I”m not sure what you mean by “should” have. Do you mean are there other books that I wish could have been included? As a historian I tend to look at what did happen, and why, rather than pronounce what people ought to have done instead.
I think most fundamentalist believe that the ‘Kingdom of God’, as described/taught by Jesus, entails these features, among others
a. Kingdom of God comes by a supernatural intervention of a being riding on a literal cloud
b. Kingdom of God entails elimination of all physical illnesses and pain
c.
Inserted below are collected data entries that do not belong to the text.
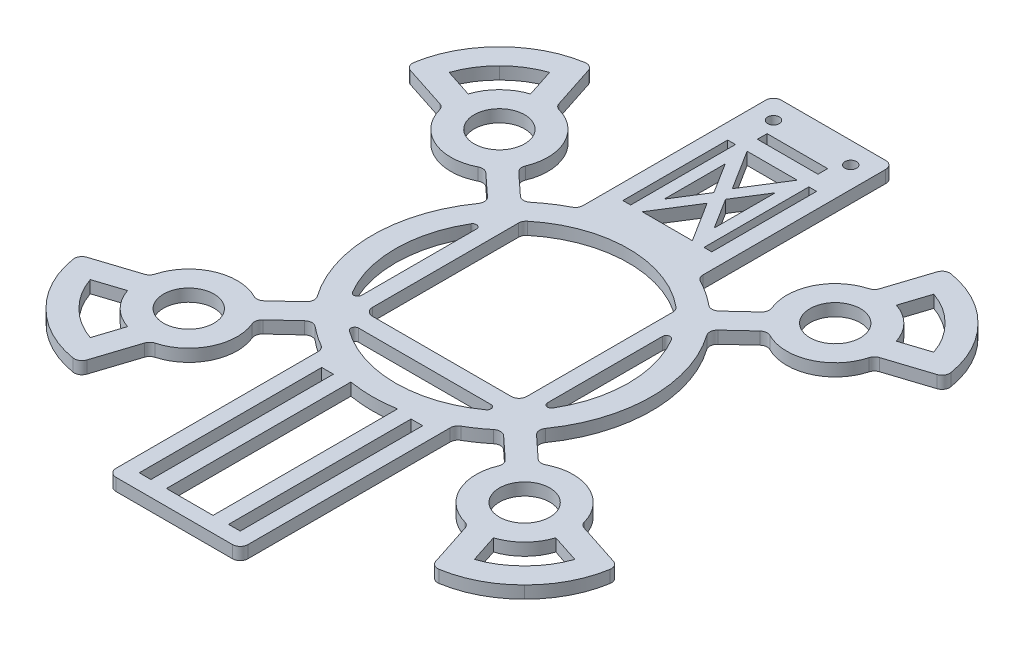
SolidWorks part; units mm, degrees
material "Mahogany"
ref_plane "Front Plane" through (0, 0, 0) normal (0, 0, 1) x (1, 0, 0)
ref_plane "Top Plane" through (0, 0, 0) normal (0, 1, 0) x (1, 0, 0)
ref_plane "Right Plane" through (0, 0, 0) normal (1, 0, 0) x (0, 0, -1)
sketch "DroneShadow" plane through (0, 0, 0) normal (0, 1, 0) x (1, 0, 0)
  line L0 (43.25, 80) -> (43.25, 0) construction
  line L5 (0, 0) -> (86.5, 0) construction
  line L6 (0, 0) -> (0, 80) construction
  line L7 (0, 80) -> (86.5, 80) construction
  line L8 (86.5, 0) -> (86.5, 80) construction
  line L9 (27.25, 76) -> (59.25, 76) construction
  line L10 (27.25, 76) -> (27.25, 12) construction
  line L11 (27.25, 12) -> (59.25, 12) construction
  line L12 (59.25, 76) -> (59.25, 12) construction
  line L13 (0, 80) -> (-14.1421, 94.1421) construction
  line L14 (0, 80) -> (-6.2176, 99.1576) construction
  line L15 (0, 80) -> (-19.1576, 86.2176) construction
  line L16 (0, 40) -> (86.5, 40) construction
  line L17 (0, 0) -> (-19.1576, -6.2176) construction
  line L18 (0, 0) -> (-6.2176, -19.1576) construction
  line L19 (0, 0) -> (-14.1421, -14.1421) construction
  line L20 (86.5, 0) -> (100.6421, -14.1421) construction
  line L21 (86.5, 0) -> (92.7176, -19.1576) construction
  line L22 (86.5, 0) -> (105.6576, -6.2176) construction
  line L23 (86.5, 80) -> (105.6576, 86.2176) construction
  line L24 (86.5, 80) -> (92.7176, 99.1576) construction
  line L25 (86.5, 80) -> (100.6421, 94.1421) construction
  circle A0 centre (0, 80) radius 5.5 construction
  arc A4 (-14.1421, 94.1421) -> (-6.2176, 99.1576) centre (0.358, 80) cw construction
  arc A5 (-14.1421, 94.1421) -> (-19.1576, 86.2176) centre (0, 79.642) ccw construction
  arc A6 (-14.1421, -14.1421) -> (-19.1576, -6.2176) centre (0, 0.358) cw construction
  arc A7 (-14.1421, -14.1421) -> (-6.2176, -19.1576) centre (0.358, 0) ccw construction
  circle A8 centre (0, 0) radius 5.5 construction
  circle A9 centre (86.5, 0) radius 5.5 construction
  arc A10 (100.6421, -14.1421) -> (92.7176, -19.1576) centre (86.142, 0) cw construction
  arc A11 (100.6421, -14.1421) -> (105.6576, -6.2176) centre (86.5, 0.358) ccw construction
  arc A12 (100.6421, 94.1421) -> (105.6576, 86.2176) centre (86.5, 79.642) cw construction
  arc A13 (100.6421, 94.1421) -> (92.7176, 99.1576) centre (86.142, 80) ccw construction
  circle A14 centre (86.5, 80) radius 5.5 construction
  point P12 (43.25, 76)
  dimension "D1" = 80
  dimension "D2" = 86.5
  dimension "D3" = 64
  dimension "D4" = 32
  dimension "D5" = 4
  dimension "D6" = 45
  dimension "D7" = 20
  dimension "D8" = 18.3
sketch "Sketch2" plane through (0, 0, 0) normal (0, 1, 0) x (1, 0, 0)
  line L0 (0, 40) -> (86.5, 40) construction
  line L1 (43.25, 80) -> (43.25, 0) construction
  line L2 (0, 40) -> (86.5, 40) construction
  line L3 (18.9494, 66.5609) -> (10.9456, 73.9632)
  line L4 (43.25, 80) -> (43.25, 0) construction
  line L5 (0, 80) -> (-14.1421, 94.1421) construction
  line L6 (0, 80) -> (-12.3659, 95.7593) construction
  line L15 (0, 80) -> (43.25, 40) construction
  line L16 (27.25, 76) -> (59.25, 76) construction
  line L17 (14.8755, 62.156) -> (6.8717, 69.5583)
  line L18 (14.8755, 62.156) -> (19.2989, 58.065) construction
  line L19 (27.25, 76) -> (59.25, 76) construction
  line L20 (18.9494, 66.5609) -> (23.3728, 62.4699) construction
  line L21 (-14.1421, -14.1421) -> (0, 0) construction
  line L22 (0, 80) -> (-15.7593, 92.3659) construction
  line L23 (-14.1421, 94.1421) -> (0, 80) construction
  line L24 (-15.7593, 92.3659) -> (-9.8339, 87.7164)
  line L25 (2.3218, 92.2825) -> (-2.1731, 106.1324)
  line L26 (-12.3659, 95.7593) -> (-7.7164, 89.8339)
  line L27 (9.3391, 70.6609) -> (-2.1731, 106.1324)
  line L28 (-26.1324, 82.1731) -> (9.3391, 70.6609)
  line L30 (-26.1324, 82.1731) -> (-12.2825, 77.6782)
  line L31 (0, 80) -> (-6.2176, 99.1576) construction
  line L33 (-3.8587, 91.8895) -> (-6.2176, 99.1576)
  line L34 (-11.8895, 83.8587) -> (-19.1576, 86.2176)
  line L35 (0, 0) -> (-15.7593, -12.3659) construction
  line L36 (18.9494, 13.4391) -> (23.3728, 17.5301) construction
  line L37 (14.8755, 17.844) -> (19.2989, 21.935) construction
  line L38 (0, 0) -> (-12.3659, -15.7593) construction
  line L39 (-11.8895, -3.8587) -> (-19.1576, -6.2176)
  line L40 (-3.8587, -11.8895) -> (-6.2176, -19.1576)
  line L41 (-26.1324, -2.1731) -> (-12.2825, 2.3218)
  line L42 (-12.3659, -15.7593) -> (-7.7164, -9.8339)
  line L43 (2.3218, -12.2825) -> (-2.1731, -26.1324)
  line L44 (-15.7593, -12.3659) -> (-9.8339, -7.7164)
  line L45 (14.8755, 17.844) -> (6.8717, 10.4417)
  line L46 (18.9494, 13.4391) -> (10.9456, 6.0368)
  line L47 (19.2989, 58.065) -> (19.2989, 21.935)
  line L48 (23.3728, 62.4699) -> (23.3728, 17.5301)
  line L49 (19.2989, 21.935) -> (67.2011, 21.935)
  line L50 (23.3728, 17.5301) -> (63.1272, 17.5301)
  line L51 (84.1782, -12.2825) -> (88.6731, -26.1324)
  line L52 (86.5, 0) -> (98.8659, -15.7593) construction
  line L53 (71.6245, 17.844) -> (67.2011, 21.935) construction
  line L54 (67.5506, 13.4391) -> (63.1272, 17.5301) construction
  line L55 (86.5, 0) -> (102.2593, -12.3659) construction
  line L56 (100.6421, 94.1421) -> (86.5, 80) construction
  line L57 (86.5, 80) -> (102.2593, 92.3659) construction
  line L58 (100.6421, -14.1421) -> (86.5, 0) construction
  line L59 (67.5506, 66.5609) -> (63.1272, 62.4699) construction
  line L60 (71.6245, 62.156) -> (67.2011, 58.065) construction
  line L61 (86.5, 80) -> (43.25, 40) construction
  line L62 (86.5, 80) -> (98.8659, 95.7593) construction
  line L63 (63.1272, 62.4699) -> (63.1272, 17.5301)
  line L64 (67.2011, 58.065) -> (67.2011, 21.935)
  line L65 (67.5506, 13.4391) -> (75.5544, 6.0368)
  line L66 (71.6245, 17.844) -> (79.6283, 10.4417)
  line L67 (102.2593, -12.3659) -> (96.3339, -7.7164)
  line L68 (98.8659, -15.7593) -> (94.2164, -9.8339)
  line L69 (112.6324, -2.1731) -> (98.7825, 2.3218)
  line L70 (90.3587, -11.8895) -> (92.7176, -19.1576)
  line L71 (98.3895, -3.8587) -> (105.6576, -6.2176)
  line L72 (98.3895, 83.8587) -> (105.6576, 86.2176)
  line L73 (90.3587, 91.8895) -> (92.7176, 99.1576)
  line L74 (112.6324, 82.1731) -> (98.7825, 77.6782)
  line L75 (98.8659, 95.7593) -> (94.2164, 89.8339)
  line L76 (84.1782, 92.2825) -> (88.6731, 106.1324)
  line L77 (102.2593, 92.3659) -> (96.3339, 87.7164)
  line L78 (71.6245, 62.156) -> (79.6283, 69.5583)
  line L79 (67.5506, 66.5609) -> (75.5544, 73.9632)
  circle A8 centre (43.25, 40) radius 36
  circle A9 centre (0, 80) radius 12.5
  circle A13 centre (43.25, 40) radius 30
  circle A14 centre (0, 80) radius 6.5
  circle A15 centre (0, 80) radius 6.5
  arc A18 (-6.2176, -19.1576) -> (-14.1421, -14.1421) centre (0.358, 0) cw
  arc A19 (-14.1421, 94.1421) -> (-19.1576, 86.2176) centre (0, 79.642) ccw construction
  arc A20 (-6.2176, 99.1576) -> (-14.1421, 94.1421) centre (0.358, 80) ccw construction
  arc A21 (-2.1731, 106.1324) -> (-18.385, 98.385) centre (0.358, 80) ccw
  arc A22 (-18.385, 98.385) -> (-26.1324, 82.1731) centre (0, 79.642) ccw
  arc A23 (-2.1731, 106.1324) -> (-18.385, 98.385) centre (0.358, 80) ccw
  arc A24 (-18.385, 98.385) -> (-26.1324, 82.1731) centre (0, 79.642) ccw
  arc A25 (-14.1421, 94.1421) -> (-19.1576, 86.2176) centre (0, 79.642) ccw
  arc A26 (-6.2176, 99.1576) -> (-14.1421, 94.1421) centre (0.358, 80) ccw
  arc A27 (-14.1421, -14.1421) -> (-19.1576, -6.2176) centre (0, 0.358) cw
  arc A28 (-18.385, -18.385) -> (-26.1324, -2.1731) centre (0, 0.358) cw
  arc A29 (-2.1731, -26.1324) -> (-18.385, -18.385) centre (0.358, 0) cw
  circle A30 centre (0, 0) radius 6.5
  circle A31 centre (0, 0) radius 12.5
  arc A32 (88.6731, -26.1324) -> (104.885, -18.385) centre (86.142, 0) ccw
  circle A33 centre (86.5, 0) radius 12.5
  circle A34 centre (86.5, 0) radius 6.5
  arc A35 (104.885, -18.385) -> (112.6324, -2.1731) centre (86.5, 0.358) ccw
  arc A36 (100.6421, -14.1421) -> (105.6576, -6.2176) centre (86.5, 0.358) ccw
  arc A37 (92.7176, 99.1576) -> (100.6421, 94.1421) centre (86.142, 80) cw
  arc A38 (100.6421, 94.1421) -> (105.6576, 86.2176) centre (86.5, 79.642) cw
  arc A39 (104.885, 98.385) -> (112.6324, 82.1731) centre (86.5, 79.642) cw
  arc A40 (88.6731, 106.1324) -> (104.885, 98.385) centre (86.142, 80) cw
  arc A41 (92.7176, -19.1576) -> (100.6421, -14.1421) centre (86.142, 0) ccw
  circle A42 centre (86.5, 80) radius 6.5
  circle A43 centre (86.5, 80) radius 12.5
  point P11 (13.9637, 8.8281)
  point P22 (-7.7164, 89.8339)
  point P27 (-9.8339, 87.7164)
  point P41 (-8.8388, 88.8388)
  point P75 (-8.8388, -8.8388)
  point P76 (-9.8339, -7.7164)
  point P77 (-7.7164, -9.8339)
  point P80 (43.25, 21.935)
  point P117 (43.25, 17.5301)
  point P132 (94.2164, -9.8339)
  point P133 (96.3339, -7.7164)
  point P134 (95.3388, -8.8388)
  point P135 (95.3388, 88.8388)
  point P136 (96.3339, 87.7164)
  point P137 (94.2164, 89.8339)
  point P138 (0, 0)
  point P139 (0, 0)
  point P140 (0, 0)
  point P141 (0, 0)
  dimension "D2" = 6
  dimension "D3" = 3
  dimension "D4" = 3
  dimension "D5" = 6
  dimension "D8" = 1.5
  dimension "D9" = 1.5
  dimension "D1" = 1
  dimension "D7" = 6
extrude "Base" add sketch "Sketch2" along normal blind 3.175 contours L45 A31 L46 A8 | A31 A30 | L39 A31 L41 A28 A29 L43 L40 A18 A27 | A26 L33 A9 L25 A23 A24 L30 L34 A25 | A9 A15 | A9 L17 A8 L3 | A43 A42 | L76 A43 L73 A37 A38 L72 L74 A39 A40 | A41 L70 A33 L51 A32 A35 L69 L71 A36 | A33 A34 | A33 L66 A8 L65 | L78 A43 L79 A8 | A8 A13 | L48 A13 L47 L49 | L63 L49 L48 L50 | L64 A13 L63 L49 | L63 A13 L49 | L49 A13 L48
sketch "Sketch3" plane through (0, 0, 0) normal (0, 1, 0) x (1, 0, 0)
  line L0 (43.25, -920) -> (43.25, 49080) construction
  line L1 (27.8, 122.8) -> (58.7, 122.8)
  line L2 (27.8, 122.8) -> (27.8, 72.5161)
  line L3 (58.7, 122.8) -> (58.7, 72.5161)
  line L4 (33.3, 117.3) -> (43.25, 117.3) construction
  line L5 (51.05, 111) -> (35.45, 111) construction
  line L6 (51.05, 111) -> (51.05, 123.6) construction
  line L7 (51.05, 123.6) -> (35.45, 123.6) construction
  line L8 (35.45, 111) -> (35.45, 123.6) construction
  line L9 (51.05, 111) -> (35.45, 123.6) construction
  line L10 (51.05, 123.6) -> (35.45, 111) construction
  line L11 (31.8, 117.3) -> (31.8, 122.8) construction
  line L12 (51.05, 113.5) -> (35.45, 113.5)
  line L13 (51.05, 113.5) -> (51.05, 111)
  line L14 (51.05, 111) -> (35.45, 111)
  line L15 (35.45, 113.5) -> (35.45, 111)
  line L16 (51.05, 113.5) -> (35.45, 111) construction
  line L17 (51.05, 111) -> (35.45, 113.5) construction
  line L18 (33.8, 107) -> (52.7, 107) construction
  line L19 (27.25, 76) -> (59.25, 76) construction
  line L20 (31.8, 107) -> (33.8, 107)
  line L21 (31.8, 107) -> (31.8, 80)
  line L22 (31.8, 80) -> (33.8, 80)
  line L23 (33.8, 107) -> (33.8, 80)
  line L24 (33.3, 118.8) -> (53.2, 118.8) construction
  line L25 (52.7, 107) -> (52.7, 80)
  line L26 (54.7, 80) -> (52.7, 80)
  line L27 (54.7, 107) -> (54.7, 80)
  line L28 (54.7, 107) -> (52.7, 107)
  line L58 (36.8, 107) -> (43.25, 96.7492)
  line L59 (36.8, 107) -> (49.7, 107)
  line L60 (33.8, 93.5) -> (52.7, 93.5) construction
  line L61 (36.8, 101.3669) -> (36.8, 85.6331)
  line L62 (36.8, 101.3669) -> (41.75, 93.5)
  line L63 (36.8, 85.6331) -> (41.75, 93.5)
  line L64 (36.8, 80) -> (49.7, 80)
  line L65 (36.8, 80) -> (43.25, 90.2508)
  line L66 (49.7, 80) -> (43.25, 90.2508)
  line L67 (49.7, 85.6331) -> (44.75, 93.5)
  line L68 (49.7, 101.3669) -> (44.75, 93.5)
  line L69 (49.7, 101.3669) -> (49.7, 85.6331)
  line L70 (49.7, 107) -> (43.25, 96.7492)
  circle A0 centre (43.25, 40) radius 36 construction
  circle A1 centre (33.3, 117.3) radius 1.5
  circle A2 centre (53.2, 117.3) radius 1.5
  arc A3 (58.7, 72.5161) -> (27.8, 72.5161) centre (43.25, 40) ccw
  point P4 (43.25, 122.8)
  point P5 (43.25, 117.3)
  point P22 (43.25, 112.25)
  point P38 (49.7, 93.5)
  point P43 (43.25, 100.0071)
  point P45 (43.25, 93.5)
  point P46 (0, 0)
  point P47 (40.8796, 93.5)
  point P49 (36.8, 93.5)
  point P53 (43.25, 80)
  point P57 (43.25, 107)
  dimension "D3" = 3
  dimension "D2" = 12.6
  dimension "D1" = 15.6
  dimension "D4" = 19.9
  dimension "D5" = 2.5
  dimension "D6" = 4
  dimension "D8" = 27
  dimension "D9" = 4
  dimension "D10" = 2
  dimension "D11" = 4
  dimension "D12" = 4
  dimension "D7" = 4
  dimension "D13" = 3
  dimension "D14" = 3
  dimension "D15" = 1.5
extrude "FrontPlatform" add sketch "Sketch3" along normal up to surface (3.175 mm away) up to face at (-11.3979, 3.175, 11.3979)
sketch "Sketch4" plane through (0, 0, 0) normal (0, 1, 0) x (1, 0, 0)
  line L1 (43.25, -960) -> (43.25, 49040) construction
  line L2 (26.25, -47) -> (60.25, -47)
  line L3 (26.25, -47) -> (26.25, 8.2667)
  line L4 (60.25, -47) -> (60.25, 8.2667)
  line L5 (53.25, 4) -> (53.25, -43)
  line L6 (30.25, 4) -> (33.25, 4)
  line L7 (30.25, 4) -> (30.25, -43)
  line L8 (30.25, -43) -> (33.25, -43)
  line L9 (33.25, 4) -> (33.25, -43)
  line L14 (56.25, -43) -> (53.25, -43)
  line L15 (56.25, 4) -> (56.25, -43)
  line L16 (56.25, 4) -> (53.25, 4)
  line L17 (26.25, 4) -> (60.25, 4) construction
  line L18 (26.25, -46) -> (43.25, -46) construction
  line L19 (43.25, -200920) -> (43.25, 249080) construction
  line L20 (49.25, 4.5035) -> (49.25, -43)
  line L22 (37.25, 4.5035) -> (37.25, -43)
  line L23 (37.25, -43) -> (49.25, -43)
  circle A0 centre (43.25, 40) radius 36 construction
  arc A1 (26.25, 8.2667) -> (37.25, 4.5035) centre (43.25, 40) ccw
  arc A2 (49.25, 4.5035) -> (60.25, 8.2667) centre (43.25, 40) ccw
  point P5 (43.25, -47)
  point P25 (43.25, -43)
  point P27 (46.3837, 4)
  point P31 (43.25, -5.4311)
  dimension "D5" = 4
  dimension "D3" = 3
  dimension "D1" = 3
  dimension "D4" = 4
  dimension "D6" = 26
  dimension "D7" = 50
  dimension "D2" = 4
extrude "Boss-Extrude4" add sketch "Sketch4" along normal up to surface (3.175 mm away) up to face at (-11.3979, 3.175, 11.3979)
fillet "Fillet1" radius 2 44 edges at (63.1272, 1.5875, -62.4699) (23.3728, 1.5875, -62.4699) (63.1272, 1.5875, -21.935) (23.3728, 1.5875, -21.935) (14.8755, 1.5875, -17.844) (6.8717, 1.5875, -10.4417) (-12.2825, 1.5875, -2.3218) (-26.1324, 1.5875, 2.1731) (-2.1731, 1.5875, 26.1324) (2.3218, 1.5875, 12.2825) (10.9456, 1.5875, -6.0368) (18.9494, 1.5875, -13.4391) (26.25, 1.5875, -8.2667) (26.25, 1.5875, 47) (60.25, 1.5875, 47) (67.5506, 1.5875, -13.4391) (60.25, 1.5875, -8.2667) (75.5544, 1.5875, -6.0368) (84.1782, 1.5875, 12.2825) (88.6731, 1.5875, 26.1324) (112.6324, 1.5875, 2.1731) (98.7825, 1.5875, -2.3218) (79.6283, 1.5875, -10.4417) (71.6245, 1.5875, -17.844) (71.6245, 1.5875, -62.156) (79.6283, 1.5875, -69.5583) (98.7825, 1.5875, -77.6782) (75.5544, 1.5875, -73.9632) (112.6324, 1.5875, -82.1731) (88.6731, 1.5875, -106.1324) (84.1782, 1.5875, -92.2825) (67.5506, 1.5875, -66.5609) (58.7, 1.5875, -72.5161) (58.7, 1.5875, -122.8) (27.8, 1.5875, -122.8) (27.8, 1.5875, -72.5161) (18.9494, 1.5875, -66.5609) (10.9456, 1.5875, -73.9632) (2.3218, 1.5875, -92.2825) (-2.1731, 1.5875, -106.1324) (-26.1324, 1.5875, -82.1731) (6.8717, 1.5875, -69.5583) (-12.2825, 1.5875, -77.6782) (14.8755, 1.5875, -62.156)
fillet "Fillet2" radius 1 6 edges at (19.2989, 1.5875, -21.935) (19.2989, 1.5875, -58.065) (63.1272, 1.5875, -17.5301) (23.3728, 1.5875, -17.5301) (67.2011, 1.5875, -58.065) (67.2011, 1.5875, -21.935)
equation "\"prop-dist-width\"= 86.5mm"
equation "\"prop-dist-length\"= 80mm"
equation "\"vent-width\"= 32mm"
equation "\"vent-length\"= 64mm"
equation "\"vent-offset-front\"= 4mm"
equation "\"T\"= 0.125in'Material Thickness"
equation "\"L_f\"= 20mm'Length of front platform"
equation "\"L_m\"= 70mm'Lenght of mid platform"
equation "\"L_b\"= 20mm'Length of back platform"
equation "\"W_min\"= round ( 1.25 * \"T\" )'Minimum width of parts"
equation "\"tof_c2c\"= 19.9mm'Center to center distance of TOF sensor hols"
equation "\"tof_d\"= 3mm'TOF hole diameter"
equation "\"tof_w\"= 12.6mm'TOF width"
equation "\"tof_l\"= 15.6mm'TOF length"
equation "\"pin_w\"= 2.3mm'A standard IO Pin socket width"
equation "\"pin_l\"= 2.5mm'A standard IO Pin socket length"
equation "\"esp_pin_num\"= 8'Number of pins on one side of the ESP"
equation "\"esp_l\"= 40mm'ESP length"
equation "\"esp_w\"= 27mm'ESP width"
equation "\"esp_pin_inset\"= 3mm'Distance that ESP pins are inset"
equation "\"bat_l\"= 27mm'Battery length"
equation "\"bat_w\"= 20mm'Battery width"
equation "\"bat_h\"= 6mm'Battery thickness"
equation "\"boost_w\"= 17.2mm"
equation "\"boost_l\"= 37mm"
equation "\"boost_hole_inset\"= 2.2mm"
equation "\"boost_hole_dist\"= 7mm"
equation "\"boost_hole_d\"= 2mm"
equation "\"D1@DroneShadow\" = \"prop-dist-length\""
equation "\"D2@DroneShadow\" = \"prop-dist-width\""
equation "\"D3@DroneShadow\" = \"vent-length\""
equation "\"D4@DroneShadow\" = \"vent-width\""
equation "\"D5@DroneShadow\" = \"vent-offset-front\""
equation "\"D1@Base\" = \"T\""
equation "\"D2@Sketch3\"=\"tof_w\""
equation "\"D1@Sketch3\"=\"tof_l\""
equation "\"D3@Sketch3\"=\"tof_d\""
equation "\"D4@Sketch3\"=\"tof_c2c\""
equation "\"D5@Sketch3\"=\"pin_l\""
equation "\"front_ext\"= 45mm"
equation "\"back_ext\"= 60mm"
equation "\"D8@Sketch3\"=\"bat_l\""
equation "\"D3@Sketch4\"=\"esp_pin_inset\""
equation "\"D7@Sketch4\"=\"esp_l\"+10"

Kingdom of God entails abolition of humankind’s bodily death
d. other magical features
But I don’t think these are features of most common liberal christian theologies (well at least not at the church I attend).
1) Did you believe these to be historic features of Jesus’ ministry when you were a fundamentalist?
2) Did you continue believe these to be historic features of Jesus’ teachings when you left the fundamentalist fold to became a liberal christian? [this is hard for me to imagine]
3) Why do you again believe these to be historic features of Jesus’ teachings now that you’ve left the liberal christian mindset and became agnostic?
1. Yup; 2; Yup; 3. Just because it’s what Jesus taught doesn’t mean I have to accept it. The evidence is that these were his teachings.
As a liberal christian did you believe that had the disciple who asked Jesus what he must do to ‘gain eternal life’, had in addition to following all the commandments had also sold all his goods, given it to the poor, and followed Jesus, that that disciple would still be alive today?
Or as a liberal christian did you accept that Jesus’ advice, at least in this instance, was a bunch of kookiness?
or have I misunderstood.
No, I assumed he was talking about eternal life in heaven.
So, you assumed that Jesus recognized a difference between ‘eternal life on earth’ and ‘eternal life in heaven’?
No, not exactly. I don’t think he thought about eternal life in heaven. Eternity would be lived here on a perfected earth.
I understand you don’t now accept these premises but I wasn’t aware that was common feeling of modern liberal christian scholars (which i think you categorized yourself for a period of time).
Can you reference for me any liberal christian scholars’ books which profess that Jesus taught a coming initiated by a magical person who doesn’t have to obey law of gravity and/or doesn’t have to conform himself to modern biology and medicine?
I’m afraid I don’t know what you’re asking. Most Christian scholars don’t think that Jesus was concerned about modern biology or medicine.